Prior to 1997, most circuits had held that § 1014 reached only those false statements that were “material,” that is, having “the capacity to influence the lending institution” with respect to a decision involving the bank's funds. Theron v. U.S. Marshall, 832 F.2d 492, 497 (9th Cir.1987) (citation omitted). The Supreme Court in United States v. Wells, 519 U.S. 482, 489–99 (1997), rejected the materiality requirement, holding that materiality of a false statement is not an element of § 1014. The Wells Court relied on the plain text of § 1014, which contains no mention of materiality, as well as on the legislative history of the statute, to determine that there is no materiality requirement. Id.

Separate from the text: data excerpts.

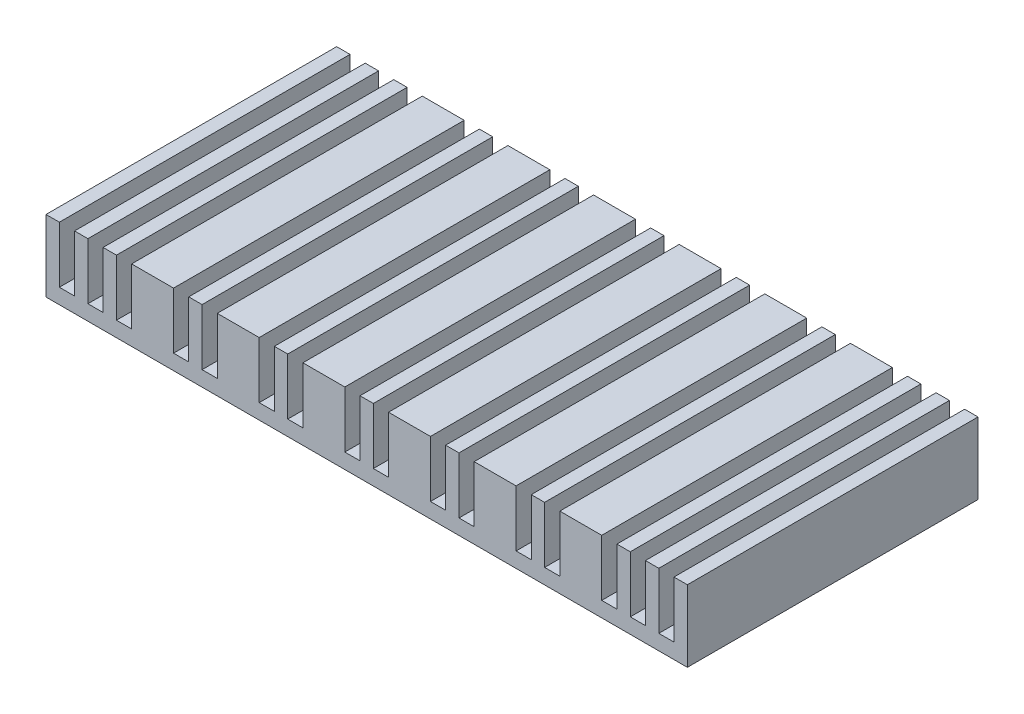
from build123d import *

# Parameters (mm, degrees)
Y_KSEKLIK_EKSTR_ZYON1_DEPTH = 40.22


with BuildPart() as part:
    # Çizim1 → Yükseklik-Ekstrüzyon1 (new body)
    with BuildSketch(Plane.XY):
        Polygon((0, 0), (0, 7.8), (1.85, 7.8), (1.85, 0), (3.95, 0), (3.95, 7.8), (5.8, 7.8), (5.8, 0), (7.9, 0), (7.9, 7.8), (9.75, 7.8), (9.75, 0), (11.85, 0), (11.85, 7.8), (17.65, 7.8), (17.65, 0), (19.75, 0), (19.75, 7.8), (21.6, 7.8), (21.6, 0), (23.7, 0), (23.7, 7.8), (29.5, 7.8), (29.5, 0), (31.6, 0), (31.6, 7.8), (33.45, 7.8), (33.45, 0), (35.55, 0), (35.55, 7.8), (41.35, 7.8), (41.35, 0), (43.45, 0), (43.45, 7.8), (45.3, 7.8), (45.3, 0), (47.4, 0), (47.4, 7.8), (53.2, 7.8), (53.2, 0), (55.3, 0), (55.3, 7.8), (57.15, 7.8), (57.15, 0), (59.25, 0), (59.25, 7.8), (65.05, 7.8), (65.05, 0), (67.15, 0), (67.15, 7.8), (69, 7.8), (69, 0), (71.1, 0), (71.1, 7.8), (76.9, 7.8), (76.9, 0), (79, 0), (79, 7.8), (80.85, 7.8), (80.85, 0), (82.95, 0), (82.95, 7.8), (84.8, 7.8), (84.8, 0), (86.9, 0), (86.9, 7.8), (88.75, 7.8), (88.75, 0), (88.75, -2.1), (0, -2.1), align=None)
    extrude(amount=Y_KSEKLIK_EKSTR_ZYON1_DEPTH)


solid = part.part
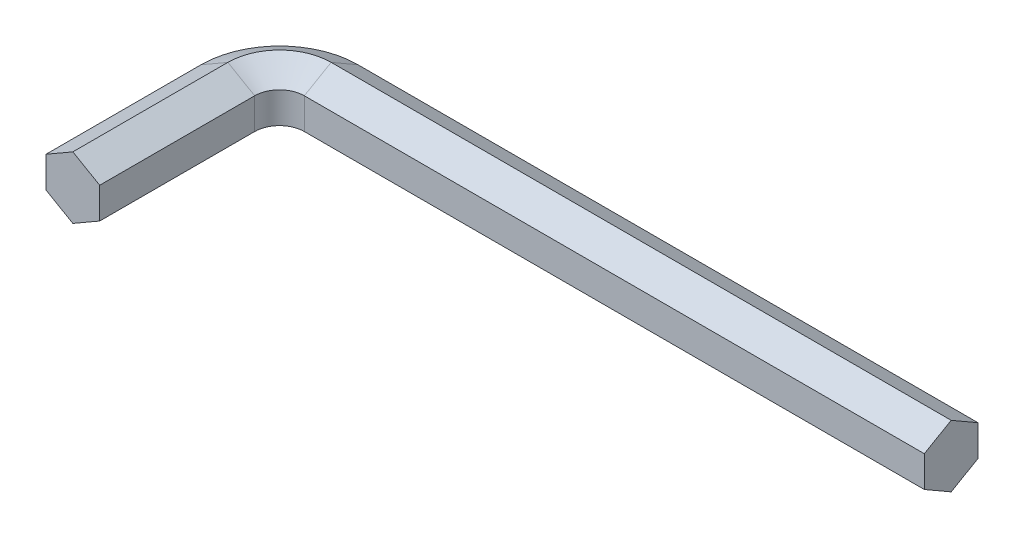
from build123d import *


with BuildPart() as part:
    # Sweep1: sweep along a path in Sketch1
    with BuildLine(Plane(origin=(0, 0, 0), x_dir=(1, 0, 0), z_dir=(0, 1, 0))) as sweep1_path:
        Line((-9.487179487, -11.794871795), (-9.487179487, 3.205128205))
        ThreePointArc((-9.487179487, 3.205128205), (-8.022713393, 6.740662111), (-4.487179487, 8.205128205))
        Line((-4.487179487, 8.205128205), (55.512820513, 8.205128205))
    # Sketch2 → Sweep1 (sweep)
    with BuildSketch(Plane(origin=(55.512820513, 0, 0), x_dir=(0, 0, -1), z_dir=(1, 0, 0))):
        Polygon((5.607051994, 1.5), (5.607051994, -1.5), (8.205128205, -3), (10.803204416, -1.5), (10.803204416, 1.5), (8.205128205, 3), align=None)
    sweep(path=sweep1_path.line)


solid = part.part
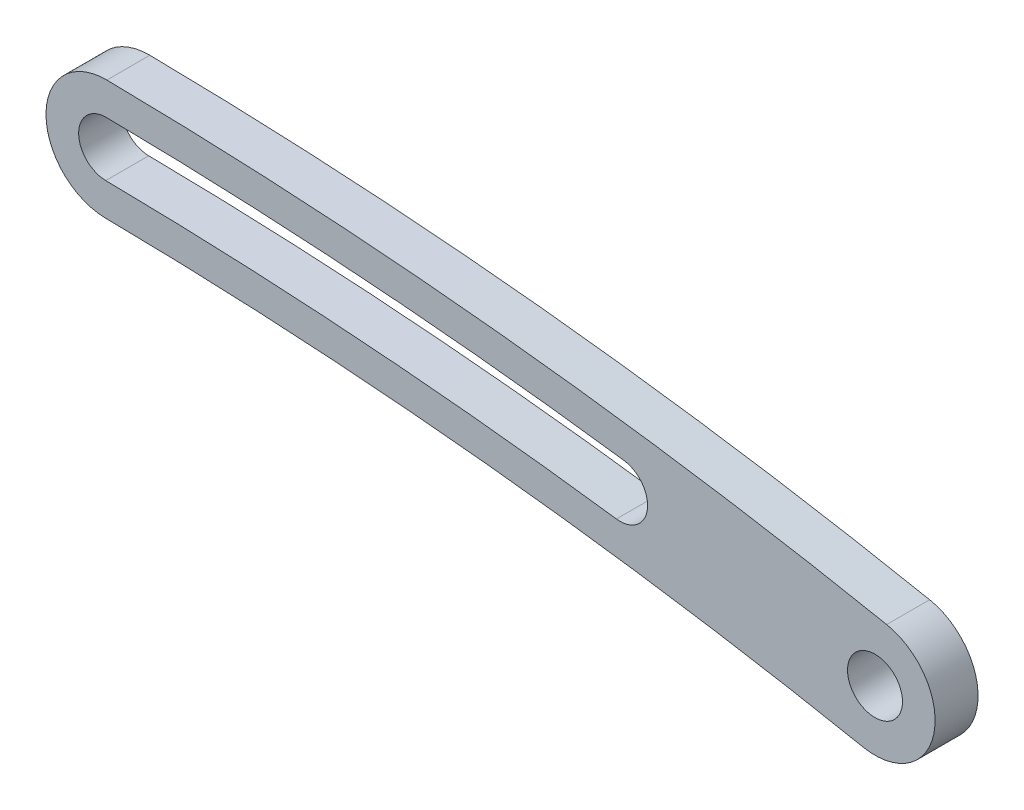
from build123d import *

# Parameters (mm, degrees)
BOSS_EXTRUDE1_DEPTH = 2.5


with BuildPart() as part:
    # Sketch1 → Boss-Extrude1 (new body)
    with BuildSketch(Plane.XY):
        with BuildLine():
            ThreePointArc((-8.510567712, 116.344003682), (-2.565917232, 115.465075188), (3.355702363, 114.442428619))
            ThreePointArc((3.355702363, 114.442428619), (4.893623339, 115.566180636), (6.792287095, 115.718152566))
            ThreePointArc((6.792287095, 115.718152566), (-15.794510782, 119.131957807), (-38.598624107, 120.46983672))
            ThreePointArc((-38.598624107, 120.46983672), (-42.143476749, 117.015271661), (-38.68891169, 113.470419019))
            ThreePointArc((-38.68891169, 113.470419019), (-16.523313538, 112.170000716), (5.431053998, 108.851782021))
            ThreePointArc((5.431053998, 108.851782021), (3.750229497, 109.701636852), (2.753244442, 111.299587114))
            ThreePointArc((2.753244442, 111.299587114), (-3.082169507, 112.306976764), (-8.940234626, 113.172980765))
            ThreePointArc((-8.940234626, 113.172980765), (-23.768861657, 114.724233518), (-38.66440506, 115.370260966))
            ThreePointArc((-38.66440506, 115.370260966), (-40.243634801, 116.990765031), (-38.623130736, 118.569994772))
            ThreePointArc((-38.623130736, 118.569994772), (-23.532953855, 117.915525969), (-8.510567712, 116.344003682))
        make_face()
        with BuildLine():
            ThreePointArc((6.42280954, 113.854423418), (7.348162032, 113.300392724), (7.711670546, 112.284967294))
            ThreePointArc((7.711670546, 112.284967294), (7.127095977, 111.048475808), (5.800531553, 110.715511169))
            ThreePointArc((5.800531553, 110.715511169), (4.277812999, 111.012375136), (2.753244442, 111.299587114))
            ThreePointArc((2.753244442, 111.299587114), (3.750229497, 109.701636852), (5.431053998, 108.851782021))
            ThreePointArc((5.431053998, 108.851782021), (8.332913676, 109.580142168), (9.611670546, 112.284967294))
            ThreePointArc((9.611670546, 112.284967294), (8.816495672, 114.506210423), (6.792287095, 115.718152566))
            ThreePointArc((6.792287095, 115.718152566), (4.893623339, 115.566180636), (3.355702363, 114.442428619))
            ThreePointArc((3.355702363, 114.442428619), (4.890181151, 114.153251974), (6.42280954, 113.854423418))
        make_face()
        with BuildLine():
            ThreePointArc((5.800531553, 110.715511169), (4.542214422, 112.596106287), (6.42280954, 113.854423418))
            ThreePointArc((6.42280954, 113.854423418), (4.890181151, 114.153251974), (3.355702363, 114.442428619))
            ThreePointArc((3.355702363, 114.442428619), (2.674256175, 112.943892509), (2.753244442, 111.299587114))
            ThreePointArc((2.753244442, 111.299587114), (4.277812999, 111.012375136), (5.800531553, 110.715511169))
        make_face()
        with BuildLine():
            ThreePointArc((2.753244442, 111.299587114), (2.674256175, 112.943892509), (3.355702363, 114.442428619))
            ThreePointArc((3.355702363, 114.442428619), (-2.565917232, 115.465075188), (-8.510567712, 116.344003682))
            ThreePointArc((-8.510567712, 116.344003682), (-7.13988971, 114.543658766), (-8.940234626, 113.172980765))
            ThreePointArc((-8.940234626, 113.172980765), (-3.082169507, 112.306976764), (2.753244442, 111.299587114))
        make_face()
    extrude(amount=BOSS_EXTRUDE1_DEPTH)


solid = part.part

Relying on Wells, the Fourth Circuit explicitly rejected a risk of loss element. Elliot explained that Wells held that a false statement “need not be material to a financial institution's decision to advance or loan funds.” 332 F.3d at 764. If a false statement violates the statute even if it cannot influence any financial decision, then, Elliot concluded, there can be no requirement of risk of financial loss. See id. “Because materiality is not an essential element of § 1014, it would be nonsensical for us to require the Government to nonetheless prove that the financial institution faced a risk of financial loss.” Id. The Fourth Circuit's decision is consistent with that of the pre-Wells opinion by the Third Circuit in United States v. Yoo, which explained, “[Defendant's] additional argument that § 1014 does not apply here because in this case there was no risk of loss to any federally insured bank, disregards established precedent. Damage or the risk of damage to an insured bank is not an element of § 1014.” 833 F.2d 488, 490 n. 2 (3d Cir.1987) (citations omitted).
Relatedly, the Fifth, Seventh, and Tenth Circuits have all held that actual loss is not an element of § 1014. See United States v.. Lane, 323 F.3d 568, 583 (7th Cir.2003) (“[M]uch like materiality, loss is not an element under § 1014.”); United States v. Grissom, 44 F.3d 1507, 1511 (10th Cir.1995) (“The defendant need not have intended to harm the bank or to personally profit, and the bank need not have suffered actual loss in order to sustain [§ 1014] convictions.”) (citation omitted); United States v. Waldrip, 981 F.2d 799, 806 (5th Cir.1993) (“Loss need not be proven to convict a defendant for ․ making a false statement to a bank․”).
Our court has not previously addressed the issue, but we have no reason to disagree with our sister circuits, because the plain language of § 1014 imposes no risk of loss requirement. Congress could legitimately have been concerned about banks' ability to detect identity theft and ensure the correct identity of their customers, regardless of whether the banks were also exposed to potential liability. We therefore hold that proof of a risk of loss to a financial institution is not required for conviction of making a false statement in violation of § 1014.